**EXERCISE REQUIREMENTS:**
An exact copy of every record, without the pictures, is what should come back.

**RAW DATA:**
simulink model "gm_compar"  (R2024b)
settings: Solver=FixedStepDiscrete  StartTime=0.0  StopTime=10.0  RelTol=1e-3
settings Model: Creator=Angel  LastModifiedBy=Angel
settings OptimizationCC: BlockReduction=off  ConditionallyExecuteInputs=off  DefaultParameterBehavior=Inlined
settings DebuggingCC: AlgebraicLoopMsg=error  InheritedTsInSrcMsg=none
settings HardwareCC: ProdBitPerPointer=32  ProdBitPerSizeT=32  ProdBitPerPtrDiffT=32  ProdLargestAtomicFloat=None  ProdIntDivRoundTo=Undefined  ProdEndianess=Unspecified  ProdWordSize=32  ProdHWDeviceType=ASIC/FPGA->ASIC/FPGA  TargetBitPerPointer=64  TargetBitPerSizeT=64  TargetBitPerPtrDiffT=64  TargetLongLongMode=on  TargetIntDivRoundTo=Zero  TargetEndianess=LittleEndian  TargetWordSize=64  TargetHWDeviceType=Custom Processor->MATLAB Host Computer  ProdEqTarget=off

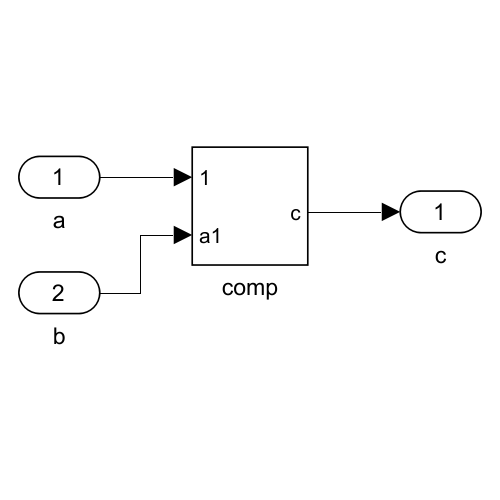
[thumbnail: Simulink's stored preview of the top-level diagram]
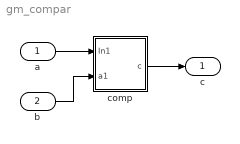
== system gm_compar ==
  a : Inport  OutDataTypeStr=uint16  PortDimensions=1  SampleTime=0.2
  b : Inport  Port=2  OutDataTypeStr=uint16  PortDimensions=1  SampleTime=0.2
  comp : Subsystem
  c : Outport  SampleTime=0.2
  wires:
  a/1 -> comp/1(In1)
  b/1 -> comp/2(a1)
  comp/1(c) -> c/1

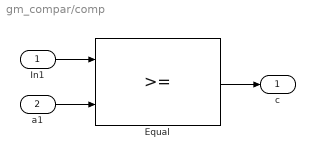
== system gm_compar/comp ==
  In1 : Inport  OutDataTypeStr=uint16  PortDimensions=1  SampleTime=0.2
  a1 : Inport  Port=2  OutDataTypeStr=uint16  PortDimensions=1  SampleTime=0.2
  Equal : RelationalOperator  OutDataTypeStr=boolean  ZeroCross=off  RndMeth=Floor  InputSameDT=off
  c : Outport  SampleTime=0.2
  wires:
  In1/1 -> Equal/1
  a1/1 -> Equal/2
  Equal/1 -> c/1

**RESULT OF THIS TASK:**
simulink model "gm_compar"  (R2024b)
settings: Solver=FixedStepDiscrete  StartTime=0.0  StopTime=10.0  RelTol=1e-3
settings Model: Creator=Angel  LastModifiedBy=Angel
settings OptimizationCC: BlockReduction=off  ConditionallyExecuteInputs=off  DefaultParameterBehavior=Inlined
settings DebuggingCC: AlgebraicLoopMsg=error  InheritedTsInSrcMsg=none
settings HardwareCC: ProdBitPerPointer=32  ProdBitPerSizeT=32  ProdBitPerPtrDiffT=32  ProdLargestAtomicFloat=None  ProdIntDivRoundTo=Undefined  ProdEndianess=Unspecified  ProdWordSize=32  ProdHWDeviceType=ASIC/FPGA->ASIC/FPGA  TargetBitPerPointer=64  TargetBitPerSizeT=64  TargetBitPerPtrDiffT=64  TargetLongLongMode=on  TargetIntDivRoundTo=Zero  TargetEndianess=LittleEndian  TargetWordSize=64  TargetHWDeviceType=Custom Processor->MATLAB Host Computer  ProdEqTarget=off

[thumbnail: Simulink's stored preview of the top-level diagram]
== system gm_compar ==
  a : Inport  OutDataTypeStr=uint16  PortDimensions=1  SampleTime=0.2
  b : Inport  Port=2  OutDataTypeStr=uint16  PortDimensions=1  SampleTime=0.2
  comp : Subsystem
  c : Outport  SampleTime=0.2
  wires:
  a/1 -> comp/1(In1)
  b/1 -> comp/2(a1)
  comp/1(c) -> c/1

== system gm_compar/comp ==
  In1 : Inport  OutDataTypeStr=uint16  PortDimensions=1  SampleTime=0.2
  a1 : Inport  Port=2  OutDataTypeStr=uint16  PortDimensions=1  SampleTime=0.2
  Equal : RelationalOperator  OutDataTypeStr=boolean  ZeroCross=off  RndMeth=Floor  InputSameDT=off
  c : Outport  SampleTime=0.2
  wires:
  In1/1 -> Equal/1
  a1/1 -> Equal/2
  Equal/1 -> c/1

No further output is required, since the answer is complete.